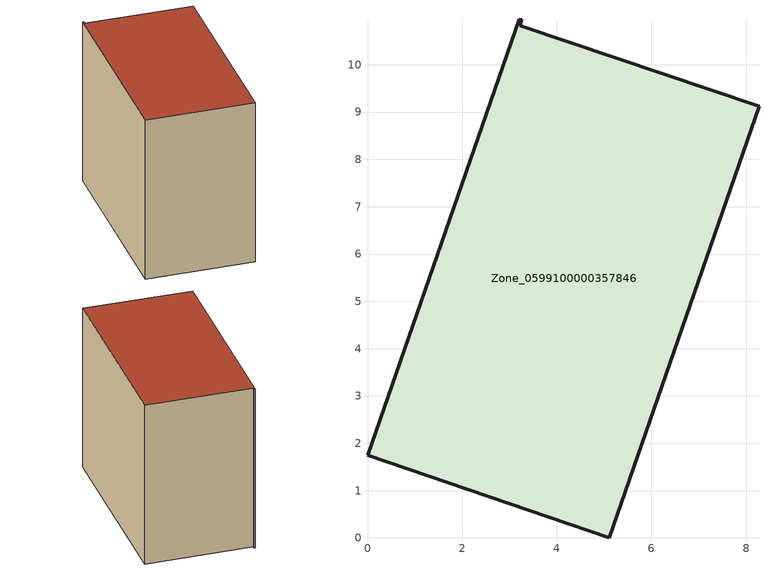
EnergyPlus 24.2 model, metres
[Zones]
Zone_0599100000357846
 floor ground (C_G): 0,1.75 3.21,10.96 3.26,10.95 3.23,10.82 8.27,9.12 5.11,0 z0
 wall outside (C_F): 3.21,10.96 0,1.75 5.11,0 8.27,9.12 3.23,10.82 3.26,10.95 3.21,10.96 z0:8.49
 roof outside (C_R): 5.11,0 8.27,9.12 3.23,10.82 3.26,10.95 3.21,10.96 0,1.75 z8.49
[BUILDING]
Pand.0599100000357846: North Axis=0; Terrain=City; Loads Convergence Tolerance Value=0.04; Temperature Convergence Tolerance Value=0.4; Solar Distribution=FullExterior; Maximum Number of Warmup Days=25; Minimum Number of Warmup Days=1
[Site:Location]
Rotterdam.The.Hague.AP_ZH_NLD Design_Conditions: Latitude=51.96; Longitude=4.45; Time Zone=1; Elevation=-4.5
[SITE:GROUNDTEMPERATURE:BUILDINGSURFACE]
18, 18, 18, 18, 18, 18, 18, 18, 18, 18, 18, 18
[MATERIAL] Thermal Absorptance=0.9; Solar Absorptance=0.7; Visible Absorptance=0.7
Name | Roughness | Thickness | Conductivity | Density | Specific Heat
G.TI.1992-2005 | MediumSmooth | 0.15 | 0.06 | 540 | 1210
F.TI.1992-2005 | Rough | 0.3 | 0.12 | 1920 | 840
R.TI.1992-2005 | MediumRough | 0.2 | 0.08 | 1500 | 1000
[CONSTRUCTION]
C_G: G.TI.1992-2005
C_F: F.TI.1992-2005
C_R: R.TI.1992-2005
[ZONE]
Zone_0599100000357846: Type=1; Multiplier=1; Ceiling Height=Autocalculate; Volume=Autocalculate; Floor Area=autocalculate; Part of Total Floor Area=Yes
[ZONEINFILTRATION:DESIGNFLOWRATE]
Infil_Zone_0599100000357846: Zone or ZoneList or Space or SpaceList=Zone_0599100000357846; Schedule=AlwaysOn; Design Flow Rate Calculation Method=Flow/Area; Flow Rate per Floor Area=0.0015; Constant Term Coefficient=1; Temperature Term Coefficient=0; Velocity Term Coefficient=0; Velocity Squared Term Coefficient=0
[HVACTEMPLATE:ZONE:IDEALLOADSAIRSYSTEM]
Zone_0599100000357846: Maximum Heating Supply Air Temperature=50; Minimum Cooling Supply Air Temperature=13; Maximum Heating Supply Air Humidity Ratio=0.0156; Minimum Cooling Supply Air Humidity Ratio=0.0077; Heating Limit=NoLimit; Cooling Limit=NoLimit; Dehumidification Control Type=ConstantSensibleHeatRatio; Cooling Sensible Heat Ratio=0.7; Dehumidification Setpoint=60; Humidification Control Type=None; Humidification Setpoint=30; Outdoor Air Method=None; Outdoor Air Flow Rate per Person=0.00944; Outdoor Air Flow Rate per Zone Floor Area=0; Outdoor Air Flow Rate per Zone=0; Demand Controlled Ventilation Type=None; Outdoor Air Economizer Type=NoEconomizer; Heat Recovery Type=None; Sensible Heat Recovery Effectiveness=0.7; Latent Heat Recovery Effectiveness=0.65
[ZONECONTROL:THERMOSTAT]
ThermostatControl_Zone_0599100000357846: Zone or ZoneList=Zone_0599100000357846; Control Type Schedule=DualSetpointControlType; Control 1=Thermostat_Zone_0599100000357846; Temperature Difference Between Cutout And Setpoint=0
[THERMOSTATSETPOINT:DUALSETPOINT]
Thermostat_Zone_0599100000357846: Heating Setpoint Temperature Schedule=HeatingSetpoint_Zone_0599100000357846; Cooling Setpoint Temperature Schedule=CoolingSetpoint_Zone_0599100000357846
[SCHEDULE:COMPACT]
HeatingSetpoint_Zone_0599100000357846: Through: 12/31, For: AllDays, Until: 24:00, 21
CoolingSetpoint_Zone_0599100000357846: Through: 12/31, For: AllDays, Until: 24:00, 24
DualSetpointControlType: Through: 12/31, For: AllDays, Until: 24:00, 4
AlwaysOn: Through: 12/31, For: AllDays, Until: 24:00, 1
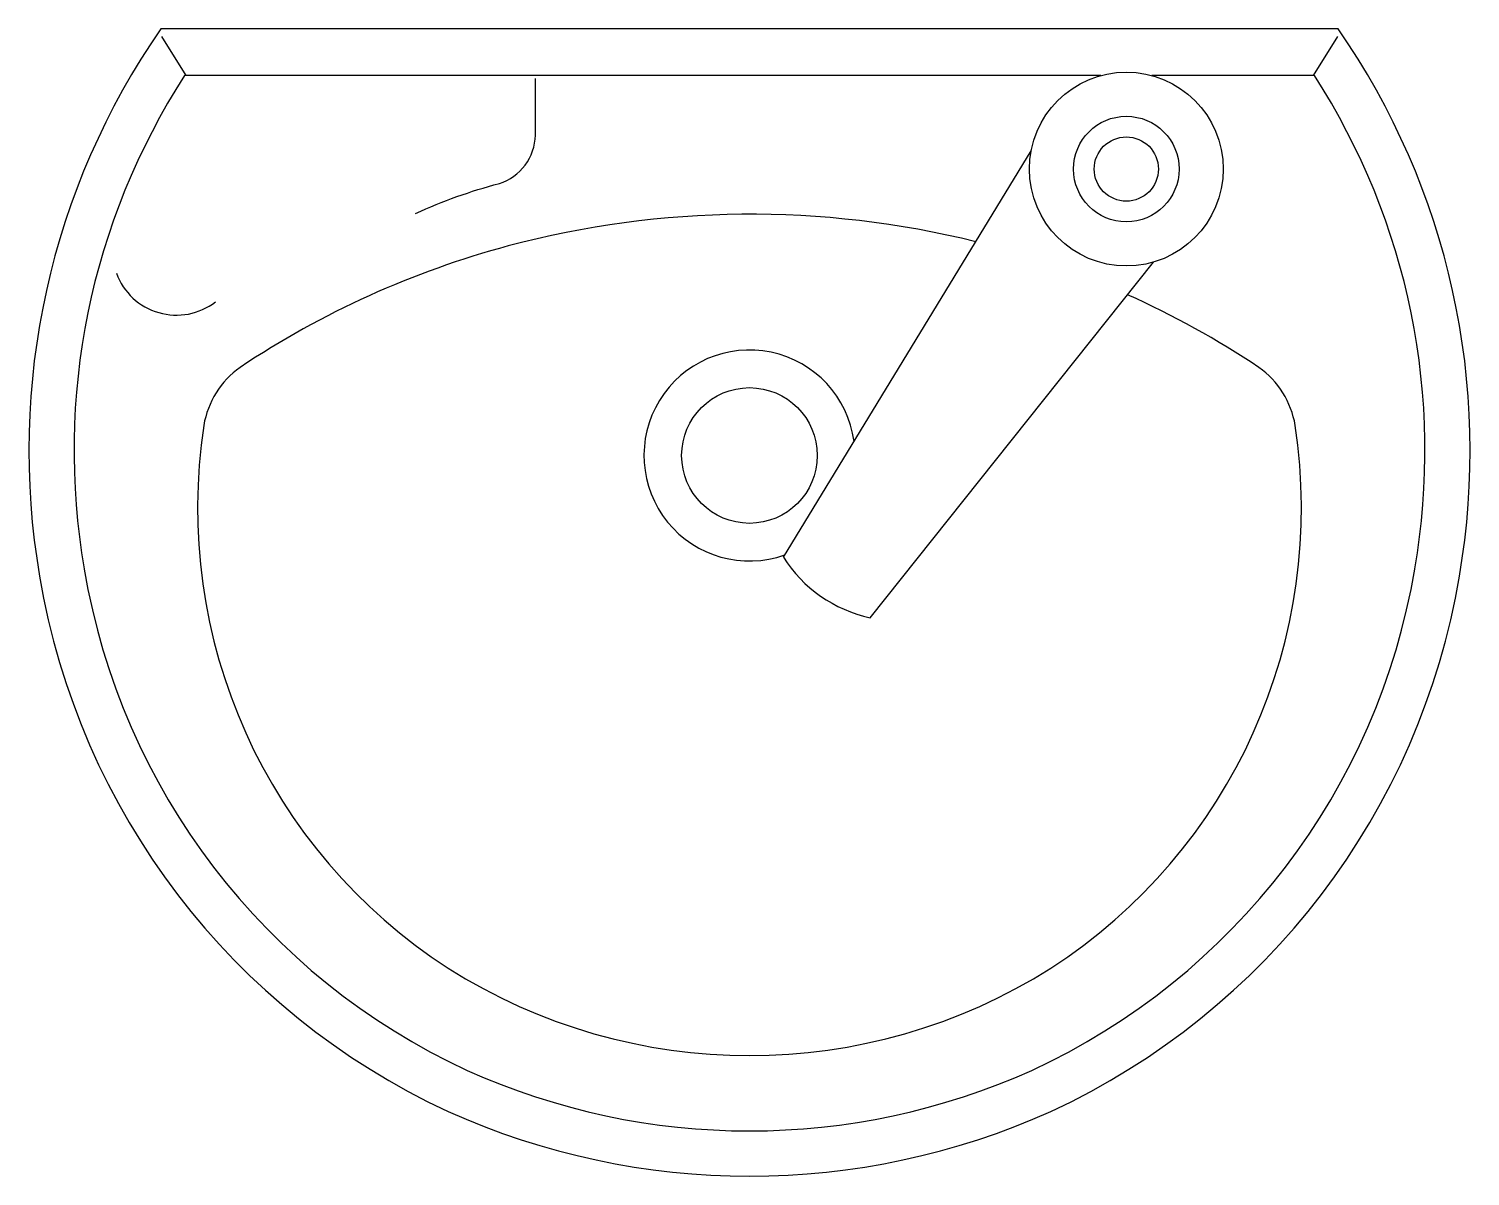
# Model space of a CAD drawing. Extents: x 5561.4 to 5604.4, y 447.5 to 481.8.
import ezdxf

# ---------------------------------------------------------------- set-up
doc = ezdxf.new("R2010")
doc.units = 0
doc.header["$LTSCALE"] = 100
doc.header["$MEASUREMENT"] = 0
doc.layers.get('0').update_dxf_attribs({"linetype": 'CONTINUOUS'})

msp = doc.modelspace()

# ---------------------------------------------------------------- linework, layer by layer
for p, q in [((5600.467, 481.78), (5565.322, 481.78)), ((5565.344, 481.555), (5566.064, 480.385)), ((5600.444, 481.555), (5599.724, 480.385)), ((5582.894, 480.385), (5566.031, 480.385)), ((5593.379, 480.385), (5582.894, 480.385)), ((5599.758, 480.385), (5594.91, 480.385)), ((5583.908, 466.012), (5591.302, 478.135)), ((5586.493, 464.204), (5594.956, 474.818))]:
    msp.add_line(p, q)
msp.add_lwpolyline([(5572.926, 476.273, -0.042382), (5575.427, 477.163, 0.318426), (5576.504, 478.611), (5576.504, 480.295)], format="xyb")
for centre, radius in [((5594.144, 477.595), 2.893), ((5594.144, 477.595), 1.575), ((5594.144, 477.595), 0.959), ((5582.894, 469.045), 2.025)]:
    msp.add_circle(centre, radius)
for centre, radius, start, end in [((5583.455, 469.189), 22.075, 145.2246, 189.7648), ((5582.334, 469.189), 22.075, 350.2352, 34.7754), ((5583.338, 469.193), 20.61, 147.1104, 189.8773), ((5582.451, 469.193), 20.61, 350.1227, 32.8896), ((5582.921, 448.139), 28.106, 76.1464, 104.8999), ((5582.723, 449.117), 27.11, 105.0256, 123.6898), ((5565.786, 475.143), 1.909, 200.1513, 307.6873), ((5583.066, 449.117), 27.11, 56.3102, 65.7993), ((5582.894, 469.045), 3.15, 7.7103, 289.5291), ((5569.245, 469.497), 2.679, 125.6272, 170.3636), ((5596.544, 469.497), 2.679, 9.6364, 54.3728), ((5582.747, 467.469), 16.331, 171.2785, 237.177), ((5583.042, 467.469), 16.331, 302.823, 8.7215), ((5587.346, 468.176), 4.062, 212.1822, 257.8695), ((5582.928, 469.008), 20.176, 189.5599, 245.1979), ((5582.861, 469.008), 20.176, 294.8021, 350.4401), ((5582.928, 469.008), 21.526, 189.5285, 245.1863), ((5582.861, 469.008), 21.526, 294.8137, 350.4715), ((5582.894, 467.957), 16.822, 237.6557, 302.3443), ((5582.894, 469.433), 20.548, 245.7799, 294.2201), ((5582.894, 469.433), 21.898, 245.7322, 294.2678)]:
    msp.add_arc(centre, radius, start, end)

doc.saveas('drawing.dxf')

### ACTIVITY
Reproduce the material word for word. Any pictures should be left out of the copy.

### WRITTEN RESPONSE
EnergyPlus 24.2 model, metres
[Zones]
Zone_0599100000357846
 floor ground (C_G): 0,1.75 3.21,10.96 3.26,10.95 3.23,10.82 8.27,9.12 5.11,0 z0
 wall outside (C_F): 3.21,10.96 0,1.75 5.11,0 8.27,9.12 3.23,10.82 3.26,10.95 3.21,10.96 z0:8.49
 roof outside (C_R): 5.11,0 8.27,9.12 3.23,10.82 3.26,10.95 3.21,10.96 0,1.75 z8.49
[BUILDING]
Pand.0599100000357846: North Axis=0; Terrain=City; Loads Convergence Tolerance Value=0.04; Temperature Convergence Tolerance Value=0.4; Solar Distribution=FullExterior; Maximum Number of Warmup Days=25; Minimum Number of Warmup Days=1
[Site:Location]
Rotterdam.The.Hague.AP_ZH_NLD Design_Conditions: Latitude=51.96; Longitude=4.45; Time Zone=1; Elevation=-4.5
[SITE:GROUNDTEMPERATURE:BUILDINGSURFACE]
18, 18, 18, 18, 18, 18, 18, 18, 18, 18, 18, 18
[MATERIAL] Thermal Absorptance=0.9; Solar Absorptance=0.7; Visible Absorptance=0.7
Name | Roughness | Thickness | Conductivity | Density | Specific Heat
G.TI.1992-2005 | MediumSmooth | 0.15 | 0.06 | 540 | 1210
F.TI.1992-2005 | Rough | 0.3 | 0.12 | 1920 | 840
R.TI.1992-2005 | MediumRough | 0.2 | 0.08 | 1500 | 1000
[CONSTRUCTION]
C_G: G.TI.1992-2005
C_F: F.TI.1992-2005
C_R: R.TI.1992-2005
[ZONE]
Zone_0599100000357846: Type=1; Multiplier=1; Ceiling Height=Autocalculate; Volume=Autocalculate; Floor Area=autocalculate; Part of Total Floor Area=Yes
[ZONEINFILTRATION:DESIGNFLOWRATE]
Infil_Zone_0599100000357846: Zone or ZoneList or Space or SpaceList=Zone_0599100000357846; Schedule=AlwaysOn; Design Flow Rate Calculation Method=Flow/Area; Flow Rate per Floor Area=0.0015; Constant Term Coefficient=1; Temperature Term Coefficient=0; Velocity Term Coefficient=0; Velocity Squared Term Coefficient=0
[HVACTEMPLATE:ZONE:IDEALLOADSAIRSYSTEM]
Zone_0599100000357846: Maximum Heating Supply Air Temperature=50; Minimum Cooling Supply Air Temperature=13; Maximum Heating Supply Air Humidity Ratio=0.0156; Minimum Cooling Supply Air Humidity Ratio=0.0077; Heating Limit=NoLimit; Cooling Limit=NoLimit; Dehumidification Control Type=ConstantSensibleHeatRatio; Cooling Sensible Heat Ratio=0.7; Dehumidification Setpoint=60; Humidification Control Type=None; Humidification Setpoint=30; Outdoor Air Method=None; Outdoor Air Flow Rate per Person=0.00944; Outdoor Air Flow Rate per Zone Floor Area=0; Outdoor Air Flow Rate per Zone=0; Demand Controlled Ventilation Type=None; Outdoor Air Economizer Type=NoEconomizer; Heat Recovery Type=None; Sensible Heat Recovery Effectiveness=0.7; Latent Heat Recovery Effectiveness=0.65
[ZONECONTROL:THERMOSTAT]
ThermostatControl_Zone_0599100000357846: Zone or ZoneList=Zone_0599100000357846; Control Type Schedule=DualSetpointControlType; Control 1=Thermostat_Zone_0599100000357846; Temperature Difference Between Cutout And Setpoint=0
[THERMOSTATSETPOINT:DUALSETPOINT]
Thermostat_Zone_0599100000357846: Heating Setpoint Temperature Schedule=HeatingSetpoint_Zone_0599100000357846; Cooling Setpoint Temperature Schedule=CoolingSetpoint_Zone_0599100000357846
[SCHEDULE:COMPACT]
HeatingSetpoint_Zone_0599100000357846: Through: 12/31, For: AllDays, Until: 24:00, 21
CoolingSetpoint_Zone_0599100000357846: Through: 12/31, For: AllDays, Until: 24:00, 24
DualSetpointControlType: Through: 12/31, For: AllDays, Until: 24:00, 4
AlwaysOn: Through: 12/31, For: AllDays, Until: 24:00, 1
# Model space of a CAD drawing. Extents: x 5561.4 to 5604.4, y 447.5 to 481.8.
import ezdxf

# ---------------------------------------------------------------- set-up
doc = ezdxf.new("R2010")
doc.units = 0
doc.header["$LTSCALE"] = 100
doc.header["$MEASUREMENT"] = 0
doc.layers.get('0').update_dxf_attribs({"linetype": 'CONTINUOUS'})

msp = doc.modelspace()

# ---------------------------------------------------------------- linework, layer by layer
for p, q in [((5600.467, 481.78), (5565.322, 481.78)), ((5565.344, 481.555), (5566.064, 480.385)), ((5600.444, 481.555), (5599.724, 480.385)), ((5582.894, 480.385), (5566.031, 480.385)), ((5593.379, 480.385), (5582.894, 480.385)), ((5599.758, 480.385), (5594.91, 480.385)), ((5583.908, 466.012), (5591.302, 478.135)), ((5586.493, 464.204), (5594.956, 474.818))]:
    msp.add_line(p, q)
msp.add_lwpolyline([(5572.926, 476.273, -0.042382), (5575.427, 477.163, 0.318426), (5576.504, 478.611), (5576.504, 480.295)], format="xyb")
for centre, radius in [((5594.144, 477.595), 2.893), ((5594.144, 477.595), 1.575), ((5594.144, 477.595), 0.959), ((5582.894, 469.045), 2.025)]:
    msp.add_circle(centre, radius)
for centre, radius, start, end in [((5583.455, 469.189), 22.075, 145.2246, 189.7648), ((5582.334, 469.189), 22.075, 350.2352, 34.7754), ((5583.338, 469.193), 20.61, 147.1104, 189.8773), ((5582.451, 469.193), 20.61, 350.1227, 32.8896), ((5582.921, 448.139), 28.106, 76.1464, 104.8999), ((5582.723, 449.117), 27.11, 105.0256, 123.6898), ((5565.786, 475.143), 1.909, 200.1513, 307.6873), ((5583.066, 449.117), 27.11, 56.3102, 65.7993), ((5582.894, 469.045), 3.15, 7.7103, 289.5291), ((5569.245, 469.497), 2.679, 125.6272, 170.3636), ((5596.544, 469.497), 2.679, 9.6364, 54.3728), ((5582.747, 467.469), 16.331, 171.2785, 237.177), ((5583.042, 467.469), 16.331, 302.823, 8.7215), ((5587.346, 468.176), 4.062, 212.1822, 257.8695), ((5582.928, 469.008), 20.176, 189.5599, 245.1979), ((5582.861, 469.008), 20.176, 294.8021, 350.4401), ((5582.928, 469.008), 21.526, 189.5285, 245.1863), ((5582.861, 469.008), 21.526, 294.8137, 350.4715), ((5582.894, 467.957), 16.822, 237.6557, 302.3443), ((5582.894, 469.433), 20.548, 245.7799, 294.2201), ((5582.894, 469.433), 21.898, 245.7322, 294.2678)]:
    msp.add_arc(centre, radius, start, end)

doc.saveas('drawing.dxf')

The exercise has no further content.